- [What the task requires] The lines to find are those in the entries that hold the word "dimension"; copy every one of them.
─── Material shown ───
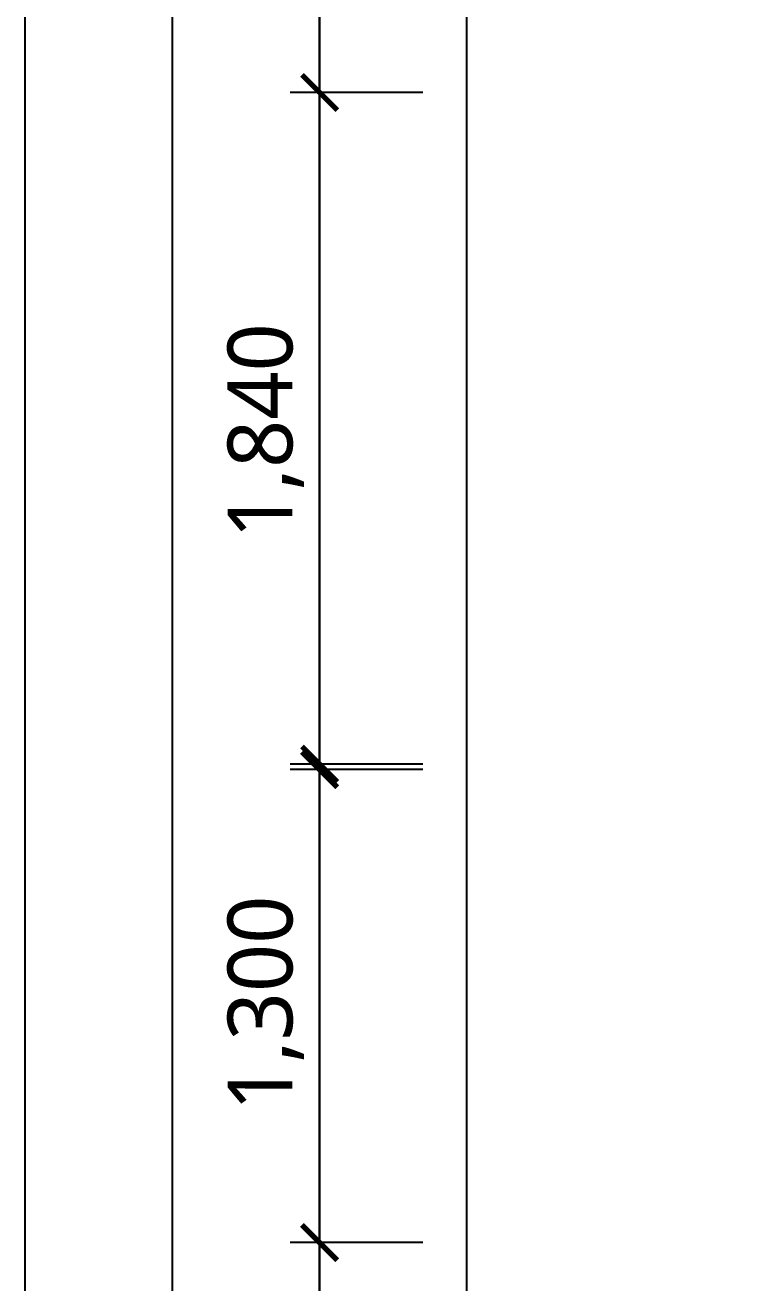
# Model space of a CAD drawing. Header units: millimetres. Extents: x 512 to 764439, y -71 to 559481.
# Drawn here: x 461593 to 463548, y 274324 to 277741 of the extents above; entities that cross this region are included whole.
import ezdxf

# ---------------------------------------------------------------- set-up
doc = ezdxf.new("R2010")
doc.units = ezdxf.units.MM
doc.header["$LTSCALE"] = 50
doc.layers.add('fur', color=6, linetype='Continuous')
doc.styles.add('맑은 고딕', font='malgun.ttf')
doc.dimstyles.new('DIM-80', dxfattribs={"dimscale": 80, "dimtxt": 2.2, "dimasz": 1.2, "dimexe": 1, "dimexo": 1.5, "dimgap": 0.5, "dimtad": 1, "dimdec": 0, "dimlunit": 6, "dimtxsty": '맑은 고딕', "dimblk": 'ARCHTICK', "dimcen": 1, "dimdle": 1, "dimclrd": 5, "dimclre": 5, "dimclrt": 4, "dimadec": 0, "dimazin": 0, "dimtfac": 1, "dimtdec": 0, "dimtix": 1, "dimtmove": 2, "dimatfit": 3, "dimldrblk": 'ARCHTICK', "dimfxl": 1, "dimtolj": 1, "dimtzin": 0, "dimarcsym": 0})

# ---------------------------------------------------------------- blocks, each defined once
blk = doc.blocks.new('_ArchTick')
at = {"color": 0, "linetype": 'ByBlock', "const_width": 0.15}
blk.add_lwpolyline([(-0.5, -0.5), (0.5, 0.5)], dxfattribs=at)
blk = doc.blocks.new('*D221')
at = {"layer": 'Defpoints', "color": 0, "ltscale": 2, "transparency": 16777216}
for p in [(462793, 278953.4), (462393, 277558.4), (462793, 277558.4)]:
    blk.add_point(p, dxfattribs=at)
at = {"layer": 'fur', "color": 5, "lineweight": -2, "ltscale": 2, "transparency": 16777216}
for p, q in [((462393, 279033.4), (462393, 277478.4)), ((462673, 278953.4), (462313, 278953.4)), ((462673, 277558.4), (462313, 277558.4))]:
    blk.add_line(p, q, dxfattribs=at)
at = {"layer": 'fur', "color": 5, "lineweight": -2, "ltscale": 2, "transparency": 16777216, "xscale": 96, "yscale": 96, "zscale": 96}
for p, rotation in [((462393, 278953.4), 90), ((462393, 277558.4), 270)]:
    blk.add_blockref('_ArchTick', p, dxfattribs=dict(at, rotation=rotation))
at = {"layer": 'fur', "color": 4, "ltscale": 2, "transparency": 16777216, "insert": (462246.9, 278255.9), "char_height": 176, "attachment_point": 5, "rotation": 90, "style": '맑은 고딕'}
blk.add_mtext('\\A1;1,395', dxfattribs=at)
blk = doc.blocks.new('*D222')
at = {"layer": 'Defpoints', "color": 0, "ltscale": 2, "transparency": 16777216}
for p in [(462793, 277558.4), (462393, 275718.4), (462793, 275718.4)]:
    blk.add_point(p, dxfattribs=at)
at = {"layer": 'fur', "color": 5, "lineweight": -2, "ltscale": 2, "transparency": 16777216}
for p, q in [((462393, 277638.4), (462393, 275638.4)), ((462673, 277558.4), (462313, 277558.4)), ((462673, 275718.4), (462313, 275718.4))]:
    blk.add_line(p, q, dxfattribs=at)
at = {"layer": 'fur', "color": 5, "lineweight": -2, "ltscale": 2, "transparency": 16777216, "xscale": 96, "yscale": 96, "zscale": 96}
for p, rotation in [((462393, 277558.4), 90), ((462393, 275718.4), 270)]:
    blk.add_blockref('_ArchTick', p, dxfattribs=dict(at, rotation=rotation))
at = {"layer": 'fur', "color": 4, "ltscale": 2, "transparency": 16777216, "insert": (462246.9, 276638.4), "char_height": 176, "attachment_point": 5, "rotation": 90, "style": '맑은 고딕'}
blk.add_mtext('\\A1;1,840', dxfattribs=at)
blk = doc.blocks.new('*D223')
at = {"layer": 'Defpoints', "color": 0, "ltscale": 2, "transparency": 16777216}
for p in [(462793, 275733.4), (462393, 274433.4), (462793, 274433.4)]:
    blk.add_point(p, dxfattribs=at)
at = {"layer": 'fur', "color": 5, "lineweight": -2, "ltscale": 2, "transparency": 16777216}
for p, q in [((462393, 275813.4), (462393, 274353.4)), ((462673, 275733.4), (462313, 275733.4)), ((462673, 274433.4), (462313, 274433.4))]:
    blk.add_line(p, q, dxfattribs=at)
at = {"layer": 'fur', "color": 5, "lineweight": -2, "ltscale": 2, "transparency": 16777216, "xscale": 96, "yscale": 96, "zscale": 96}
for p, rotation in [((462393, 275733.4), 90), ((462393, 274433.4), 270)]:
    blk.add_blockref('_ArchTick', p, dxfattribs=dict(at, rotation=rotation))
at = {"layer": 'fur', "color": 4, "ltscale": 2, "transparency": 16777216, "insert": (462246.9, 275083.4), "char_height": 176, "attachment_point": 5, "rotation": 90, "style": '맑은 고딕'}
blk.add_mtext('\\A1;1,300', dxfattribs=at)
blk = doc.blocks.new('*D224')
at = {"layer": 'Defpoints', "color": 0, "ltscale": 2, "transparency": 16777216}
for p in [(462793, 274433.4), (462393, 271223.4), (462793, 271223.4)]:
    blk.add_point(p, dxfattribs=at)
at = {"layer": 'fur', "color": 5, "lineweight": -2, "ltscale": 2, "transparency": 16777216}
for p, q in [((462393, 274513.4), (462393, 271143.4)), ((462673, 274433.4), (462313, 274433.4)), ((462673, 271223.4), (462313, 271223.4))]:
    blk.add_line(p, q, dxfattribs=at)
at = {"layer": 'fur', "color": 5, "lineweight": -2, "ltscale": 2, "transparency": 16777216, "xscale": 96, "yscale": 96, "zscale": 96}
for p, rotation in [((462393, 274433.4), 90), ((462393, 271223.4), 270)]:
    blk.add_blockref('_ArchTick', p, dxfattribs=dict(at, rotation=rotation))
at = {"layer": 'fur', "color": 4, "ltscale": 2, "transparency": 16777216, "insert": (462246.9, 272828.4), "char_height": 176, "attachment_point": 5, "rotation": 90, "style": '맑은 고딕'}
blk.add_mtext('\\A1;3,210', dxfattribs=at)
blk = doc.blocks.new('*D230')
at = {"layer": 'Defpoints', "color": 0, "ltscale": 2, "transparency": 16777216}
for p in [(461993, 278953.4), (462793, 278953.4), (462793, 265523.4)]:
    blk.add_point(p, dxfattribs=at)
at = {"layer": 'fur', "color": 5, "lineweight": -2, "ltscale": 2, "transparency": 16777216}
for p, q in [((461993, 265443.4), (461993, 279033.4)), ((462673, 278953.4), (461913, 278953.4)), ((462673, 265523.4), (461913, 265523.4))]:
    blk.add_line(p, q, dxfattribs=at)
at = {"layer": 'fur', "color": 5, "lineweight": -2, "ltscale": 2, "transparency": 16777216, "xscale": 96, "yscale": 96, "zscale": 96}
for p, rotation in [((461993, 278953.4), 90), ((461993, 265523.4), 270)]:
    blk.add_blockref('_ArchTick', p, dxfattribs=dict(at, rotation=rotation))
at = {"layer": 'fur', "color": 4, "ltscale": 2, "transparency": 16777216, "insert": (461846.9, 272238.4), "char_height": 176, "attachment_point": 5, "rotation": 90, "style": '맑은 고딕'}
blk.add_mtext('\\A1;13,430', dxfattribs=at)

msp = doc.modelspace()

# ---------------------------------------------------------------- linework, layer by layer
at = {"layer": 'Defpoints'}
for points in [[(481128.02985788, 263523.41103659), (461593.02985788, 263523.41103659), (461593.02985788, 280953.41103659), (481128.02985788, 280953.41103659)], [(480728.02985788, 263923.41103659), (461993.02985788, 263923.41103659), (461993.02985788, 280553.41103659), (480728.02985788, 280553.41103659)], [(480328.02985788, 264323.41103659), (462393.02985788, 264323.41103659), (462393.02985788, 280153.41103659), (480328.02985788, 280153.41103659)], [(479928.02985788, 264723.41103659), (462793.02985788, 264723.41103659), (462793.02985788, 279753.41103659), (479928.02985788, 279753.41103659)]]:
    msp.add_lwpolyline(points, close=True, dxfattribs=at)

# ---------------------------------------------------------------- dimensions: what is measured, and where the dimension line sits
at = {"layer": 'fur', "ltscale": 2}
for base, p1, p2, picture, middle in [((461993.02985789, 278953.41103659), (462793.02985788, 265523.41103659), (462793.02985788, 278953.41103659), '*D230', (461846.85594484, 272238.41103659)), ((462393.02985789, 277558.41103659), (462793.02985788, 278953.41103659), (462793.02985788, 277558.41103659), '*D221', (462246.85594484, 278255.91103659)), ((462393.02985789, 275718.41103659), (462793.02985788, 277558.41103659), (462793.02985788, 275718.41103659), '*D222', (462246.85594484, 276638.41103659)), ((462393.02985789, 274433.41103659), (462793.02985788, 275733.41103659), (462793.02985788, 274433.41103659), '*D223', (462246.85594484, 275083.41103659)), ((462393.02985789, 271223.41103659), (462793.02985788, 274433.41103659), (462793.02985788, 271223.41103659), '*D224', (462246.85594484, 272828.41103659))]:
    dim = msp.add_linear_dim(base=base, p1=p1, p2=p2, angle=90, dimstyle='DIM-80', dxfattribs=at)
    dim.commit()
    dim.dimension.update_dxf_attribs({"geometry": picture, "text_midpoint": middle})

doc.saveas('drawing.dxf')
───
- [Finished task]
# ---------------------------------------------------------------- dimensions: what is measured, and where the dimension line sits
    dim.dimension.update_dxf_attribs({"geometry": picture, "text_midpoint": middle})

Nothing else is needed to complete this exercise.